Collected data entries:
########################################

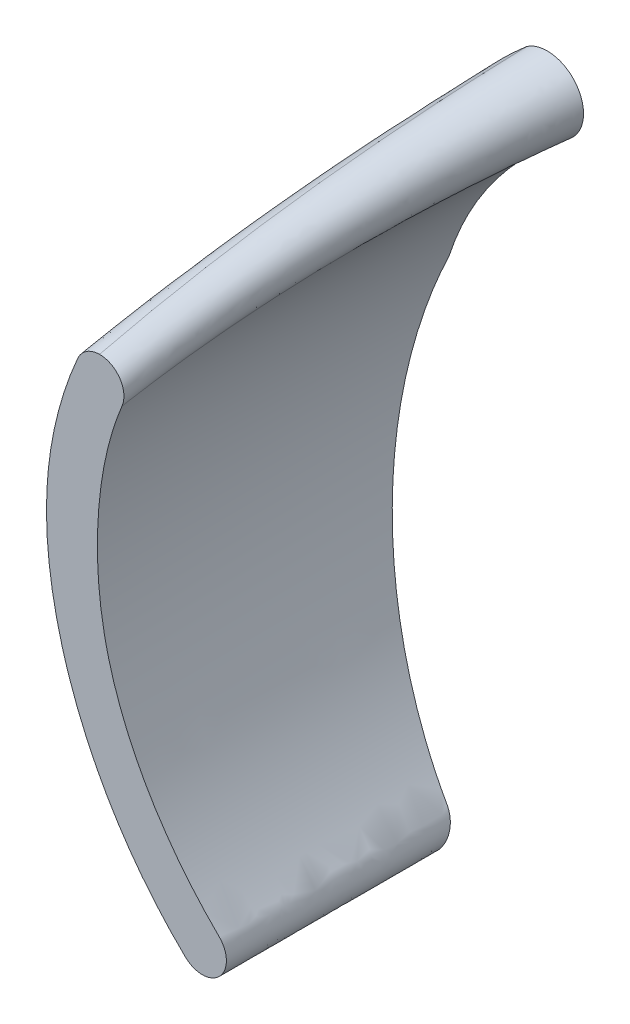
ISO-10303-21;
HEADER;
FILE_DESCRIPTION(('STEP AP214'),'2;1');
FILE_NAME('part.step','',(''),(''),'','','');
FILE_SCHEMA(('AUTOMOTIVE_DESIGN { 1 0 10303 214 1 1 1 1 }'));
ENDSEC;
DATA;
#1=APPLICATION_CONTEXT('core data for automotive mechanical design processes');
#2=APPLICATION_PROTOCOL_DEFINITION('international standard','automotive_design',2000,#1);
#3=PRODUCT_CONTEXT('',#1,'mechanical');
#4=PRODUCT('Part','Part','',(#3));
#5=PRODUCT_RELATED_PRODUCT_CATEGORY('part','',(#4));
#6=PRODUCT_DEFINITION_FORMATION('','',#4);
#7=PRODUCT_DEFINITION_CONTEXT('part definition',#1,'design');
#8=PRODUCT_DEFINITION('design','',#6,#7);
#9=PRODUCT_DEFINITION_SHAPE('','',#8);
#10=(LENGTH_UNIT() NAMED_UNIT(*) SI_UNIT(.MILLI.,.METRE.));
#11=(NAMED_UNIT(*) PLANE_ANGLE_UNIT() SI_UNIT($,.RADIAN.));
#12=(NAMED_UNIT(*) SI_UNIT($,.STERADIAN.) SOLID_ANGLE_UNIT());
#13=UNCERTAINTY_MEASURE_WITH_UNIT(LENGTH_MEASURE(1.E-05),#10,'distance_accuracy_value','');
#14=(GEOMETRIC_REPRESENTATION_CONTEXT(3) GLOBAL_UNCERTAINTY_ASSIGNED_CONTEXT((#13)) GLOBAL_UNIT_ASSIGNED_CONTEXT((#10,
#11,#12)) REPRESENTATION_CONTEXT('',''));
#15=CARTESIAN_POINT('',(0.,0.,0.));
#16=DIRECTION('',(0.,0.,1.));
#17=DIRECTION('',(1.,0.,0.));
#18=AXIS2_PLACEMENT_3D('',#15,#16,#17);
#19=CARTESIAN_POINT('',(2.21687202188998,-14.2030214101362,0.));
#20=DIRECTION('',(0.,0.,1.));
#21=DIRECTION('',(1.,0.,0.));
#22=AXIS2_PLACEMENT_3D('',#19,#20,#21);
#23=PLANE('',#22);
#24=DIRECTION('',(1.,0.,0.));
#25=VECTOR('',#24,1.);
#26=CARTESIAN_POINT('',(2.21687202188998,1.69042467703727,0.));
#27=LINE('',#26,#25);
#28=CARTESIAN_POINT('',(-3.8819149016798,1.69042465184301,4.33820491902333E-09));
#29=VERTEX_POINT('',#28);
#30=CARTESIAN_POINT('',(-1.56013684496183,1.69042461679714,8.41210645585731E-09));
#31=VERTEX_POINT('',#30);
#32=EDGE_CURVE('E165',#29,#31,#27,.T.);
#33=ORIENTED_EDGE('',*,*,#32,.F.);
#34=CARTESIAN_POINT('',(1.52540598499671,-14.9254303800577,0.));
#35=CARTESIAN_POINT('',(-5.20798473106547,-8.45325668751316,0.));
#36=CARTESIAN_POINT('',(-7.07906829862655,3.2983863051883,0.));
#37=CARTESIAN_POINT('',(1.65886001877747,10.8215877652023,0.));
#38=B_SPLINE_CURVE_WITH_KNOTS('',3,(#34,#35,#36,#37),.UNSPECIFIED.,.F.,.F.,(4,4),(0.,1.),.UNSPECIFIED.);
#39=CARTESIAN_POINT('',(0.387823292707398,9.62222518021847,0.));
#40=VERTEX_POINT('',#39);
#41=EDGE_CURVE('E152',#29,#40,#38,.T.);
#42=ORIENTED_EDGE('',*,*,#41,.T.);
#43=CARTESIAN_POINT('',(1.65886001877747,10.8215877652023,0.));
#44=CARTESIAN_POINT('',(0.995449500209707,10.2497020037202,0.));
#45=CARTESIAN_POINT('',(0.387823292707398,9.62222518021847,0.));
#46=B_SPLINE_CURVE_WITH_KNOTS('',2,(#43,#44,#45),.UNSPECIFIED.,.F.,.F.,(3,3),(0.,
0.0604558021560362),.UNSPECIFIED.);
#47=CARTESIAN_POINT('',(1.65886001877747,10.8215877652023,0.));
#48=VERTEX_POINT('',#47);
#49=EDGE_CURVE('E309',#48,#40,#46,.T.);
#50=ORIENTED_EDGE('',*,*,#49,.F.);
#51=CARTESIAN_POINT('',(2.5109062899188,9.58707686940826,0.));
#52=DIRECTION('',(0.,0.,1.));
#53=DIRECTION('',(1.,0.,0.));
#54=AXIS2_PLACEMENT_3D('',#51,#52,#53);
#55=CIRCLE('',#54,1.5);
#56=CARTESIAN_POINT('',(3.36295256106012,8.35256597361423,0.));
#57=VERTEX_POINT('',#56);
#58=EDGE_CURVE('E383',#57,#48,#55,.T.);
#59=ORIENTED_EDGE('',*,*,#58,.F.);
#60=CARTESIAN_POINT('',(2.90833805878325,-13.4806124402146,0.));
#61=CARTESIAN_POINT('',(-2.81888229836564,-7.93955339470696,0.));
#62=CARTESIAN_POINT('',(-4.96098367061801,2.05443070756396,0.));
#63=CARTESIAN_POINT('',(3.36295256106012,8.35256597361424,0.));
#64=B_SPLINE_CURVE_WITH_KNOTS('',3,(#60,#61,#62,#63),.UNSPECIFIED.,.F.,.F.,(4,4),(0.,1.),.UNSPECIFIED.);
#65=EDGE_CURVE('E214',#31,#57,#64,.T.);
#66=ORIENTED_EDGE('',*,*,#65,.F.);
#67=EDGE_LOOP('',(#33,#42,#50,#59,#66));
#68=FACE_BOUND('',#67,.T.);
#69=ADVANCED_FACE('F148',(#68),#23,.F.);
#70=CARTESIAN_POINT('',(3.09695483975418,8.77680093046163,14.));
#71=CARTESIAN_POINT('',(3.36295256106012,8.35256597361424,0.));
#72=CARTESIAN_POINT('',(2.24338395229223,8.16303354000813,14.));
#73=CARTESIAN_POINT('',(2.5260563368631,7.71934564648338,0.));
#74=CARTESIAN_POINT('',(1.07727132003301,7.07993421911677,14.));
#75=CARTESIAN_POINT('',(1.35618954109997,6.65779517127539,0.));
#76=CARTESIAN_POINT('',(-0.176649603936648,5.3794631820281,14.));
#77=CARTESIAN_POINT('',(0.0577721699250341,5.01122399532793,0.));
#78=CARTESIAN_POINT('',(-0.94652094021937,3.99168688441007,14.));
#79=CARTESIAN_POINT('',(-0.762015151465301,3.67190048743127,0.));
#80=CARTESIAN_POINT('',(-1.51667601951426,2.50959575800911,14.));
#81=CARTESIAN_POINT('',(-1.40445357046186,2.23937199883089,0.));
#82=CARTESIAN_POINT('',(-1.89196744893803,0.965970876940326,14.));
#83=CARTESIAN_POINT('',(-1.85921354343008,0.737902549588384,0.));
#84=CARTESIAN_POINT('',(-2.09652894437083,-0.608781701494442,14.));
#85=CARTESIAN_POINT('',(-2.11596552673539,-0.80824384023467,0.));
#86=CARTESIAN_POINT('',(-2.15363141823633,-2.1968936173405,14.));
#87=CARTESIAN_POINT('',(-2.18121208814721,-2.37420224861216,0.));
#88=CARTESIAN_POINT('',(-2.05653049628704,-3.78281689332909,14.));
#89=CARTESIAN_POINT('',(-2.06145579543495,-3.93510775351796,0.));
#90=CARTESIAN_POINT('',(-1.71206981463052,-5.87560706747711,14.));
#91=CARTESIAN_POINT('',(-1.67328879612149,-5.98661859099639,0.));
#92=CARTESIAN_POINT('',(-0.841451961703429,-8.39039678027985,14.));
#93=CARTESIAN_POINT('',(-0.793742398425718,-8.45227751253871,0.));
#94=CARTESIAN_POINT('',(0.776340476690976,-11.1367856006132,14.));
#95=CARTESIAN_POINT('',(0.79295937582964,-11.1628303118331,0.));
#96=CARTESIAN_POINT('',(2.15832181972896,-12.7463747640299,14.));
#97=CARTESIAN_POINT('',(2.15751829913113,-12.754197816483,0.));
#98=CARTESIAN_POINT('',(3.10189333899869,-13.6682314597512,14.));
#99=CARTESIAN_POINT('',(3.09644354137655,-13.6606608033749,0.));
#100=CARTESIAN_POINT('',(3.3260564074682,-14.1887841629831,14.));
#101=CARTESIAN_POINT('',(3.32485307122997,-14.1744049927266,0.));
#102=CARTESIAN_POINT('',(3.0103390635431,-14.9779618927495,14.));
#103=CARTESIAN_POINT('',(3.02125339240199,-14.9671168678541,0.));
#104=CARTESIAN_POINT('',(2.23074338559153,-15.3111986985058,14.));
#105=CARTESIAN_POINT('',(2.24320970084632,-15.3121071580167,0.));
#106=CARTESIAN_POINT('',(1.7081701469367,-15.10264443878,14.));
#107=CARTESIAN_POINT('',(1.71515470879549,-15.1070515994966,0.));
#108=CARTESIAN_POINT('',(0.652161863133379,-14.0870169576843,14.));
#109=CARTESIAN_POINT('',(0.651575223184542,-14.0854992507315,0.));
#110=CARTESIAN_POINT('',(-0.917225109194732,-12.2471232460665,14.));
#111=CARTESIAN_POINT('',(-0.929337819984962,-12.2307393941566,0.));
#112=CARTESIAN_POINT('',(-2.70456089285534,-9.09576697238545,14.));
#113=CARTESIAN_POINT('',(-2.73320784050167,-9.04866601730987,0.));
#114=CARTESIAN_POINT('',(-3.68150422220054,-6.2400461384842,14.));
#115=CARTESIAN_POINT('',(-3.70713592455209,-6.15809769413738,0.));
#116=CARTESIAN_POINT('',(-4.12618109492598,-3.87442481005152,14.));
#117=CARTESIAN_POINT('',(-4.12951415544986,-3.76294674027113,0.));
#118=CARTESIAN_POINT('',(-4.26908809217998,-2.07394791842353,14.));
#119=CARTESIAN_POINT('',(-4.25840320077875,-1.94409164466877,0.));
#120=CARTESIAN_POINT('',(-4.20000842887734,-0.268107199771173,14.));
#121=CARTESIAN_POINT('',(-4.18988510859001,-0.121600936325221,0.));
#122=CARTESIAN_POINT('',(-3.90568794878338,1.51552874589625,14.));
#123=CARTESIAN_POINT('',(-3.91974859083199,1.68095223083985,0.));
#124=CARTESIAN_POINT('',(-3.4046160128865,3.25310422172889,14.));
#125=CARTESIAN_POINT('',(-3.44378235945303,3.43999470290678,0.));
#126=CARTESIAN_POINT('',(-2.47570304638725,5.47888431245679,14.));
#127=CARTESIAN_POINT('',(-2.54461240348249,5.69556512798589,0.));
#128=CARTESIAN_POINT('',(-0.845987784192035,8.03960532280992,14.));
#129=CARTESIAN_POINT('',(-0.943168064576985,8.2869816307922,0.));
#130=CARTESIAN_POINT('',(0.935344399414416,9.70252527822553,14.));
#131=CARTESIAN_POINT('',(0.744159270614035,10.0340466279796,0.));
#132=CARTESIAN_POINT('',(1.92485774008341,10.3973528083549,14.));
#133=CARTESIAN_POINT('',(1.65886001877747,10.8215877652023,0.));
#134=B_SPLINE_SURFACE_WITH_KNOTS('',3,1,((#70,#71),(#72,#73),(#74,#75),(#76,#77),(#78,#79),(#80,
#81),(#82,#83),(#84,#85),(#86,#87),(#88,#89),(#90,#91),(#92,#93),(#94,#95),(#96,#97),(#98,#99),
(#100,#101),(#102,#103),(#104,#105),(#106,#107),(#108,#109),(#110,#111),(#112,#113),(#114,#115),
(#116,#117),(#118,#119),(#120,#121),(#122,#123),(#124,#125),(#126,#127),(#128,#129),(#130,#131),
(#132,#133)),.UNSPECIFIED.,.F.,.F.,.F.,(4,1,1,1,1,1,1,1,1,1,1,1,2,1,1,1,2,1,1,1,1,1,1,1,1,1,1,
4),(2,2),(0.,0.0549508721588139,0.0824263082382209,0.109901744317628,0.137377180397035,
0.164852616476442,0.192328052555849,0.219803488635256,0.247278924714663,0.27475436079407,
0.329705232952884,0.384656105111698,0.439606977270511,0.453303186760694,0.466999396250876,
0.480695605741059,0.494391815231241,0.557592838327336,0.620793861423431,0.683994884519526,
0.715595396067573,0.74719590761562,0.778796419163668,0.810396930711715,0.841997442259763,
0.87359795380781,0.936798976903905,1.),(0.,1.),.UNSPECIFIED.);
#135=CARTESIAN_POINT('',(-3.88193068715168,1.69042461659161,8.67640983804669E-09));
#136=CARTESIAN_POINT('',(-3.93156103694734,1.45353445312495,0.0710670636942164));
#137=CARTESIAN_POINT('',(-3.97580898843786,1.21565624834667,0.14243052765555));
#138=CARTESIAN_POINT('',(-4.05360997993512,0.738309715393496,0.285634489444722));
#139=CARTESIAN_POINT('',(-4.08716345661028,0.498841452550281,0.357474967673185));
#140=CARTESIAN_POINT('',(-4.17185018200345,-0.221039737936315,0.573439323838386));
#141=CARTESIAN_POINT('',(-4.20708370206866,-0.703284367769488,0.718112713322524));
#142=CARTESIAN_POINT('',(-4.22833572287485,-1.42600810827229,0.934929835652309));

########################################

Assigned task: Reproduce, word for word, every line from the start of the records down to and including the line with "#1=APPLICATION_CONTEXT('core data for"; skip the pictures.

Solved exercise:
ISO-10303-21;
HEADER;
FILE_DESCRIPTION(('STEP AP214'),'2;1');
FILE_NAME('part.step','',(''),(''),'','','');
FILE_SCHEMA(('AUTOMOTIVE_DESIGN { 1 0 10303 214 1 1 1 1 }'));
ENDSEC;
DATA;
#1=APPLICATION_CONTEXT('core data for automotive mechanical design processes');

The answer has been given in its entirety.